Keep in mind however that DC UPS are meant to backup systems which run from DC input, and for the most part 12, 24, 48 or 120 VDC inputs. The vast majority of electronic system however accept AC, not DC input.

Fault Tolerance by Redundancy

Redundancy is a configuration where the power system is built per the (N+1) principle. This means that multiple (minimum two) power supplies are to be used in parallel to drive load, in a way that one power supply failure will not diminish full rated power to guarantee full functionality. For instance if the load (which may be an electronic system) requires 2 KW power supply, this can be satisfied by two power supplies each rated 2 KW or 3 power supplies , each rated 1KW, or 5 power supplies each rated 500W. Any one power supply failing will leave the 2 KW needed for full functionality of the system.

6-modules

Technology Dynamics Inc. – 6 Modules (5+1) Redundant Power Supply

rectifier

Technology Dynamics Inc. – Redundant military shipboard rectifier with external battery for backup

Redundancy of the Battery

An AC or DC UPS is used as we have seen to back-up the utility or the generator. But what happen if the UPS itself fails due to component or battery failure. Such a situation can happen and the most immediate solution will be to connect another UPS in redundancy. This will also require a transfer switch (solid state or electromechanical) to switch the load from the failed UPS to the one backing it up. The down side of this scheme is doubling the cost of the back-up system, but that may not matter if the cost of failure and therefore lack of backup is significantly higher. The upside however is that the second UPS can pick-up at the end of the battery capacity of the first one and hence double the backup time.

fig-5

Fig. (5)

Redundant (N+1) DC Power System.

fig-6

Fig. (6)

AC UPS redundant system with solid state transfer switch.

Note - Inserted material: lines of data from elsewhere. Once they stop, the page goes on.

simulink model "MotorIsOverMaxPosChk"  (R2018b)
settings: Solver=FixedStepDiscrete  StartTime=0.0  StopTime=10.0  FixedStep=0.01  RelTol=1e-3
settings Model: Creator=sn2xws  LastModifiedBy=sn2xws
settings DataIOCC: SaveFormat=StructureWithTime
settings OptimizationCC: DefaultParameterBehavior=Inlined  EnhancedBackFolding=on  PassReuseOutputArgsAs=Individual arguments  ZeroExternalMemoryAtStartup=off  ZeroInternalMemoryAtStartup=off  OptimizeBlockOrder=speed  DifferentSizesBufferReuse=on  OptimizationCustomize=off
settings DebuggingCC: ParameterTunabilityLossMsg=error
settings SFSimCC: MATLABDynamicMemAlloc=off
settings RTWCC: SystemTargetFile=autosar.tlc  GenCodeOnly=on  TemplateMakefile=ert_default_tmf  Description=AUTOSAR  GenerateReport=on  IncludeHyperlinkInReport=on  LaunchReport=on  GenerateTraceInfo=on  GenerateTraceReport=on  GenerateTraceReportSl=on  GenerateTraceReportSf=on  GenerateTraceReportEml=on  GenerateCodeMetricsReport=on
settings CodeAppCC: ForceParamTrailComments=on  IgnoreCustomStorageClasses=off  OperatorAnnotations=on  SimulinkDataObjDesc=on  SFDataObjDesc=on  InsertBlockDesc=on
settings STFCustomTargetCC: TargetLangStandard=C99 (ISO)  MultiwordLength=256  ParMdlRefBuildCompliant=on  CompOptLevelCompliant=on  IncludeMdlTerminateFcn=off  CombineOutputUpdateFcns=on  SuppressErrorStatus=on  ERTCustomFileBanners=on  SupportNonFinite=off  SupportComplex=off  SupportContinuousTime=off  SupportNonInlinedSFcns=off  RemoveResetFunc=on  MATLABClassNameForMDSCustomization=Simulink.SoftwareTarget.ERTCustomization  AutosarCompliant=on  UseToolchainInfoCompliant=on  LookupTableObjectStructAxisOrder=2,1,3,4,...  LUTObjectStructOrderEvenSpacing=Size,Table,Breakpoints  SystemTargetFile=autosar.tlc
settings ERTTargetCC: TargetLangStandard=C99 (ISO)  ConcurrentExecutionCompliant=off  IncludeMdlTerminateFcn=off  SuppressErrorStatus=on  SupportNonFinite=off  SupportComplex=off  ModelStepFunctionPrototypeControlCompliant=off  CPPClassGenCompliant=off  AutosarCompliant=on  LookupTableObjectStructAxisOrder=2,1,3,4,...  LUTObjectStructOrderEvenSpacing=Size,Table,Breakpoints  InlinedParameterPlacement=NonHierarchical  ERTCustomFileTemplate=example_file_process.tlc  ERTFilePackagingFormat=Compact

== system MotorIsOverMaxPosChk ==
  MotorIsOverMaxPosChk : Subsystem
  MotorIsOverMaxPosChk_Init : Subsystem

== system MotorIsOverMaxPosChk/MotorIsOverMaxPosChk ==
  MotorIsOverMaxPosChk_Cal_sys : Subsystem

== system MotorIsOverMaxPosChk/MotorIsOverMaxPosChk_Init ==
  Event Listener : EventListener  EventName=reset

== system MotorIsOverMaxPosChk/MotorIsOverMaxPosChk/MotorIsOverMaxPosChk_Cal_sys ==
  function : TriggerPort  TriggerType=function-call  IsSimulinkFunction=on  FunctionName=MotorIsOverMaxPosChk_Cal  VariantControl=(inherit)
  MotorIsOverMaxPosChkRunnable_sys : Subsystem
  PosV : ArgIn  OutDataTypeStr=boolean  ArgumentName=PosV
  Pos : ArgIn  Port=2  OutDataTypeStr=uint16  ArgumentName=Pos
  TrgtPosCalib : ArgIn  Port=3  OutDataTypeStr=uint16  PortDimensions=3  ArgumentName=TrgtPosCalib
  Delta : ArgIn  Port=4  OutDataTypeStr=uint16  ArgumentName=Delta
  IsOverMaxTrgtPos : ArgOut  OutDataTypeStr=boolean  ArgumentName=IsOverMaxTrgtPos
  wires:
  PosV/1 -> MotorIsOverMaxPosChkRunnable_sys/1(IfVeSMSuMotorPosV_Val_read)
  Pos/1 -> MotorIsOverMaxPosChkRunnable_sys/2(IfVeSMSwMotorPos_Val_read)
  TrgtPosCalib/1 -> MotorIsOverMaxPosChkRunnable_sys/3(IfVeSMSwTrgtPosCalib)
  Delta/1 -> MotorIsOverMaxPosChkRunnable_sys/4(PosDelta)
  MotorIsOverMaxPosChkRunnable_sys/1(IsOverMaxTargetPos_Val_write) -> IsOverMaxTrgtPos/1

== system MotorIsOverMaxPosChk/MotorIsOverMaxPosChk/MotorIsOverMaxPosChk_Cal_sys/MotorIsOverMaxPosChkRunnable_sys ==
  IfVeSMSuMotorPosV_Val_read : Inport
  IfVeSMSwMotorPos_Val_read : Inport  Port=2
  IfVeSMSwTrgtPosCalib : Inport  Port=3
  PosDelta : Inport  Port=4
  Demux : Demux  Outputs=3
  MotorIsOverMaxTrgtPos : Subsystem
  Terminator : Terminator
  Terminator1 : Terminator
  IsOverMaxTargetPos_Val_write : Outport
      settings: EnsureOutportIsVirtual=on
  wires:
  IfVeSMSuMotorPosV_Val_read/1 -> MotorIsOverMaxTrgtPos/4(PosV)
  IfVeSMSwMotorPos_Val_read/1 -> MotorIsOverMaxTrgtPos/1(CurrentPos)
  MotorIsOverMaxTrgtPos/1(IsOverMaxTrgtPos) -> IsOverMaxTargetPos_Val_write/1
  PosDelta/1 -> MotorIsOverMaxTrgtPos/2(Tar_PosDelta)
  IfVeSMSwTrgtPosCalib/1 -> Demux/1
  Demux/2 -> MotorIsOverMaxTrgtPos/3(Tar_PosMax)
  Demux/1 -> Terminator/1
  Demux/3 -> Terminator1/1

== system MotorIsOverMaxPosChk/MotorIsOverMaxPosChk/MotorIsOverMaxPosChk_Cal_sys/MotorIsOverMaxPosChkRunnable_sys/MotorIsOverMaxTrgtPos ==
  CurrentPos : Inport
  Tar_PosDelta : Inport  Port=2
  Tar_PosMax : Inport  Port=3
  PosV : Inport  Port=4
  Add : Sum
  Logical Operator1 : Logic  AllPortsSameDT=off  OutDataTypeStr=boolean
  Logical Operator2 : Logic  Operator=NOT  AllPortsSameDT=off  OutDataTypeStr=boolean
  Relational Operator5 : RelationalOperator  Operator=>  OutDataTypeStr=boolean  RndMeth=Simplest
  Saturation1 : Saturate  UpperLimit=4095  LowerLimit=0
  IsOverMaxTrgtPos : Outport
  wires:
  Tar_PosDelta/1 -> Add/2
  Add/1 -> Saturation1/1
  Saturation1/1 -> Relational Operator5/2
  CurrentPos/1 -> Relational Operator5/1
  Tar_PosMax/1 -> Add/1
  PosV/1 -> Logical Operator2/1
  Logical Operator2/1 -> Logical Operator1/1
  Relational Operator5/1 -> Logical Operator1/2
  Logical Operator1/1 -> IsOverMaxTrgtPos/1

There are other concepts to consider:

  • It is most desirable that the ON-LINE UPS is able to transfer the load to the input utility if it fails or its battery becomes defective. Such a feature allows the user to replace the UPS or the battery while the load is energized from the utility. In this scenario, the UPS that failed should be designed to switch automatically to the utility and notify the user via communication (RS232, RS485, CANBUS, SNMP, http) that a failure took place and high risk is present due to lack of backup is the utility fails.
  • In super critical situations (such as security system of a bank or an incoming missile detection system), the viability of the battery has to be checked and verified at all times. Backup systems are installed with high expectations but the battery in itself has limited life and may be subject to deterioration over long time especially if it is located in a place which has elevated ambient temperature as battery service life is exponentially reduced by its temperature.

Testing the battery general viability or specifically its state of charge (SOC) is required in such applications. Yet measurement of SOC of Lead Acid batteries is rather difficult, so most designers opt to measure the battery voltage under load as a way to determine if the battery is maintaining good capacity. Nova Electric has developed a circuit which load the battery for 100mS during which the battery voltage is measured and recorded.

The test is repeated at predetermined intervals ranging from once every 10 seconds to once per day or per week. The readings are then compared to a reference battery or to manufacturer criteria to determine if the battery should be replaced.

  • Battery redundancy within the UPS itself can eliminate the major functionality due to battery deterioration.

Conclusion

Critical applications such as military, medical, banks and laboratories, cannot tolerate interruption in functionality due to utility or power system failure. Therefore fault tolerant power systems are used. Such systems that bridge over utility failure are the AC or DC UPS which contain batteries as reserve energy source. To guarantee non-stop functionality despite power supply failure, redundant power systems connected in (n+1) configuration are used. Long term backup for utility failures deploy UPS and generator in a hybrid power system.